Saturday, April 25, 2009

Saturday 04/25 (Drafty) Quickie

Lions sign Stafford: $41 million guaranteed. Whoa. Expect much discussion over a rookie salary scale in future seasons. Stafford may be remembered as the last to truly cash in.

The No. 1 pick in the draft no longer holds any mystery. I have this dream that every team now signs the player of their choice, and the draft simply happens all day long, rather than at 4.

The Rams are (sort of) on the clock. There is this rumor they bought Mark Sanchez a plane ticket to St. Louis on Sunday, but most folks think the Rams are trying too hard to be clever.

The Rams won't draft Sanchez. And no team is going to be bluffed into (over)paying to move up to No. 2 to get him. If Seattle is serious about taking him at No. 4, KC at 3 may see some action.

I noted earlier this week that I will be cheering for several players -- Knowshon, Derrick Williams, Cornelius Ingram. But, obviously, my main attention is on Percy Harvin.

Will he slip out of the first round entirely, as the "experts" are predicting? Or is all the noise about his pot-smoking (and, of course, injury history) just a "smokescreen" (ugh) from teams that want to see him slide to them late in the 1st? There was this one crazy rumor on PFT that he could go as high as No. 7 to the Raiders -- so that would be ahead of Crabtree and/or Maclin? No way. But I could definitely see Harvin going in the 1st round.

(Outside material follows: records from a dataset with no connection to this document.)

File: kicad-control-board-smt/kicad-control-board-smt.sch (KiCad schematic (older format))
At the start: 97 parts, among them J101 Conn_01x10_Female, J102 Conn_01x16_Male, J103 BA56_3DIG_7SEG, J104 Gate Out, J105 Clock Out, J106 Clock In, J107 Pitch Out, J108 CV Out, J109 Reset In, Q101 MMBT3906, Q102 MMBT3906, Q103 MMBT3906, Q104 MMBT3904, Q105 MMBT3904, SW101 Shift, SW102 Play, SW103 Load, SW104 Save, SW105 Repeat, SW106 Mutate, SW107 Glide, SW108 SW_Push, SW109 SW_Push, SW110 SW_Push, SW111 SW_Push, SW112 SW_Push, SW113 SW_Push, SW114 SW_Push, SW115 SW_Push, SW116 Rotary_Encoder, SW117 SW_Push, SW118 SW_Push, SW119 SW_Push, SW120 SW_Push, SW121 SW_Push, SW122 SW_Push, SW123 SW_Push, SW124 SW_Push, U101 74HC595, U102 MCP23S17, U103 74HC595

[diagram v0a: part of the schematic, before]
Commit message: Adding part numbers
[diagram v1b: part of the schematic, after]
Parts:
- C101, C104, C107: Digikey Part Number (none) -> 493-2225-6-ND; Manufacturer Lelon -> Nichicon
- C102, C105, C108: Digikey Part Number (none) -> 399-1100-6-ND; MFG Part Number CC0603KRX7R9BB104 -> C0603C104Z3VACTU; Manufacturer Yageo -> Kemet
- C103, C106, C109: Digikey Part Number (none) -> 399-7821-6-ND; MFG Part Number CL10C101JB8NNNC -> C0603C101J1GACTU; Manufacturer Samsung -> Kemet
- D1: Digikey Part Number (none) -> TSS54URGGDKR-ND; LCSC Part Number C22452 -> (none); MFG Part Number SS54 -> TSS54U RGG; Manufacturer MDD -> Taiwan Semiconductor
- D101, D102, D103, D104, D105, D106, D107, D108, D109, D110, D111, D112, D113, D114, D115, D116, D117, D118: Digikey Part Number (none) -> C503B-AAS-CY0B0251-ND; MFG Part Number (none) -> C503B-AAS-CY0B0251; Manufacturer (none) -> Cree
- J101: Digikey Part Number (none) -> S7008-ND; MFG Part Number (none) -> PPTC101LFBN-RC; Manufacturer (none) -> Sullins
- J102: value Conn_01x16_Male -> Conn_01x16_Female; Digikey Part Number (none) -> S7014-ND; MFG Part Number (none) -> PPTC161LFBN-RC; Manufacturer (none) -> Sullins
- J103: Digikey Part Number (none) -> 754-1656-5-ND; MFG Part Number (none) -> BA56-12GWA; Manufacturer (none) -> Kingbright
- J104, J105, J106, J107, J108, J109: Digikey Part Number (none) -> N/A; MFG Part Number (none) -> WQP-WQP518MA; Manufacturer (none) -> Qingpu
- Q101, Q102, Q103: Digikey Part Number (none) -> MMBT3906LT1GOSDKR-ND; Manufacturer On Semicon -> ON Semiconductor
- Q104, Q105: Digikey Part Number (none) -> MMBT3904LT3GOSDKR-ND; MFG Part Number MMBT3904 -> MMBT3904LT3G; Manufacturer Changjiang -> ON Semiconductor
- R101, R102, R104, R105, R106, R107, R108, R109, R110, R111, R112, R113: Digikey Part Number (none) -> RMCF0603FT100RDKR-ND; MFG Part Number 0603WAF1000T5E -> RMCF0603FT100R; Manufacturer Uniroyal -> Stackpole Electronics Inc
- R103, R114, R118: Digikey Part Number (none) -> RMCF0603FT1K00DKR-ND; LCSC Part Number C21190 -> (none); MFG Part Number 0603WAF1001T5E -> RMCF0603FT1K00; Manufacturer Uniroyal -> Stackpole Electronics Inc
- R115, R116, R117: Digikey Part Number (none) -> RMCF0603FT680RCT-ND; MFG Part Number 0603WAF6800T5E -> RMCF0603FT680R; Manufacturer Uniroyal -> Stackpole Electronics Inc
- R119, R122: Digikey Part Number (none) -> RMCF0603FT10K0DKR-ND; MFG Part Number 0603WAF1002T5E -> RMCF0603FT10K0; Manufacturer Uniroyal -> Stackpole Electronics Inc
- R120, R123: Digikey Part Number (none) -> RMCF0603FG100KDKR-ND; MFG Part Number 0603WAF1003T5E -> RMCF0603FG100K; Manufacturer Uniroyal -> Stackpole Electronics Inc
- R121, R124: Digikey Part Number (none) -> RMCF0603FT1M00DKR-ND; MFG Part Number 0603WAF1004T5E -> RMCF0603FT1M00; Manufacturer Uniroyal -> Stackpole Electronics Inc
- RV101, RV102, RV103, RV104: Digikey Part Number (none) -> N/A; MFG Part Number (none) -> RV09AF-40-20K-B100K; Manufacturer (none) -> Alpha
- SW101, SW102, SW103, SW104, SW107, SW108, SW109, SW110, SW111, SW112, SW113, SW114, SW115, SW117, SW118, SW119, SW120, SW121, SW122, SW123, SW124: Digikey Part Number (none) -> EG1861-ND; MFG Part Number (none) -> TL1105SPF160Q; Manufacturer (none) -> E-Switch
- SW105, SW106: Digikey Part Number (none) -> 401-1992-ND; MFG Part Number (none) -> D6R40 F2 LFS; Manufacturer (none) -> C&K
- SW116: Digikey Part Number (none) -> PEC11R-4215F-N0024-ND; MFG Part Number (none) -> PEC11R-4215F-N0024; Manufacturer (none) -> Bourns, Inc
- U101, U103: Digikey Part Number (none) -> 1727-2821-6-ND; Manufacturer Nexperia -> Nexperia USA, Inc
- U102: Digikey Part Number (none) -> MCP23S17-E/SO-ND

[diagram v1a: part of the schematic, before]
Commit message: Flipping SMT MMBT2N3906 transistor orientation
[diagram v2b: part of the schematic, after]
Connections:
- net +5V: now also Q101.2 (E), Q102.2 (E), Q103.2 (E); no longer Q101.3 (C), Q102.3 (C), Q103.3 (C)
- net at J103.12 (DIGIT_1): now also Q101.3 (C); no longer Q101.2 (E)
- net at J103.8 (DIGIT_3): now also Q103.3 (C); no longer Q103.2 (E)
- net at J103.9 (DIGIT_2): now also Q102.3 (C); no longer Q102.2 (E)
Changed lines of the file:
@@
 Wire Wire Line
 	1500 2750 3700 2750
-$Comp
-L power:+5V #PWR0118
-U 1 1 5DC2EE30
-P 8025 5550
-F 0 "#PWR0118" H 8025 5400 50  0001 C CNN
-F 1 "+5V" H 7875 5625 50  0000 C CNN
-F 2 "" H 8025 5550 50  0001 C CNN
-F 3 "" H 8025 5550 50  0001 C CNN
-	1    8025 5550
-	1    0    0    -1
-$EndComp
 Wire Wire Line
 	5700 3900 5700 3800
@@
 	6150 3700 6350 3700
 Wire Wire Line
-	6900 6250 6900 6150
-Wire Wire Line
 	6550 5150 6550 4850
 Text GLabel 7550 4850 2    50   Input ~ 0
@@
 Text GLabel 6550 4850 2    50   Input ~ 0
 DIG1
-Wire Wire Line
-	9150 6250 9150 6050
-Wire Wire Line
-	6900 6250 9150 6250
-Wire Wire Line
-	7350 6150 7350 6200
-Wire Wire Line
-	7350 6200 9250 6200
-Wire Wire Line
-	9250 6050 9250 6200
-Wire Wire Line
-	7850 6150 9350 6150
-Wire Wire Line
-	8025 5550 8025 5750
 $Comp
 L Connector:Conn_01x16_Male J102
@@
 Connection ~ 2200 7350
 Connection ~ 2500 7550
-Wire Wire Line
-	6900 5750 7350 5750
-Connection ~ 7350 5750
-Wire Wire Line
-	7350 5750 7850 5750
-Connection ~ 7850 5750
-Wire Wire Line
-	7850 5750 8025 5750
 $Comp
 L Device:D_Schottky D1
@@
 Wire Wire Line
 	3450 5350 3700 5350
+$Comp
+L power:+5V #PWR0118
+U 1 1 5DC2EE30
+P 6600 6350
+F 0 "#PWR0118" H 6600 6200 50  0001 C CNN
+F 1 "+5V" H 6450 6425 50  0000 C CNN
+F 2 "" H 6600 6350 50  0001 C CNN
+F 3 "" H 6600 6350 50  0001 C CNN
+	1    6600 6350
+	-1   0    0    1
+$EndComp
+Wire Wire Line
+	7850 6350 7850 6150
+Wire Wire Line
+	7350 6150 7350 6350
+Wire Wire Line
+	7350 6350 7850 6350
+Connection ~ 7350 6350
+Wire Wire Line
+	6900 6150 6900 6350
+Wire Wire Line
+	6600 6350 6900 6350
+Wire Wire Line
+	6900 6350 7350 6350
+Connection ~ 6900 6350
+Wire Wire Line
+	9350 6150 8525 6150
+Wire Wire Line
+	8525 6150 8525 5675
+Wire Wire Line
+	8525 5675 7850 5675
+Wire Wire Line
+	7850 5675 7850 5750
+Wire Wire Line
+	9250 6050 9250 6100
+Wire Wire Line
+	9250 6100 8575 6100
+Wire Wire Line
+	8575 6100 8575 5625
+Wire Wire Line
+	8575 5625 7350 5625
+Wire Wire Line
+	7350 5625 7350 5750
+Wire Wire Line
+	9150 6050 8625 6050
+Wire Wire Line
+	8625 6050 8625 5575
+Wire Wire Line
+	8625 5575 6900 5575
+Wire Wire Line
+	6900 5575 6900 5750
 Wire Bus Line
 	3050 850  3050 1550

It's Draft Day! I'll be checking in via Twitter, either found on the right or right here. Enjoy the day.

-- D.S.

Friday, April 24, 2009

Must-Read: Chuck Todd Talking Sports

Chuck Todd. Talking sports. Amazing. (Huge h/t to RCS -- great questions.)

Why Erin Andrews Rules Sports Media

Erin Andrews is about to ascend to the very top of the sports media landscape. She is already the nation's sideline reporter for virtually everything -- this weekend she adds the NFL Draft to her resume. She is featured in video games. She is, of course, the sports blogger prom queen.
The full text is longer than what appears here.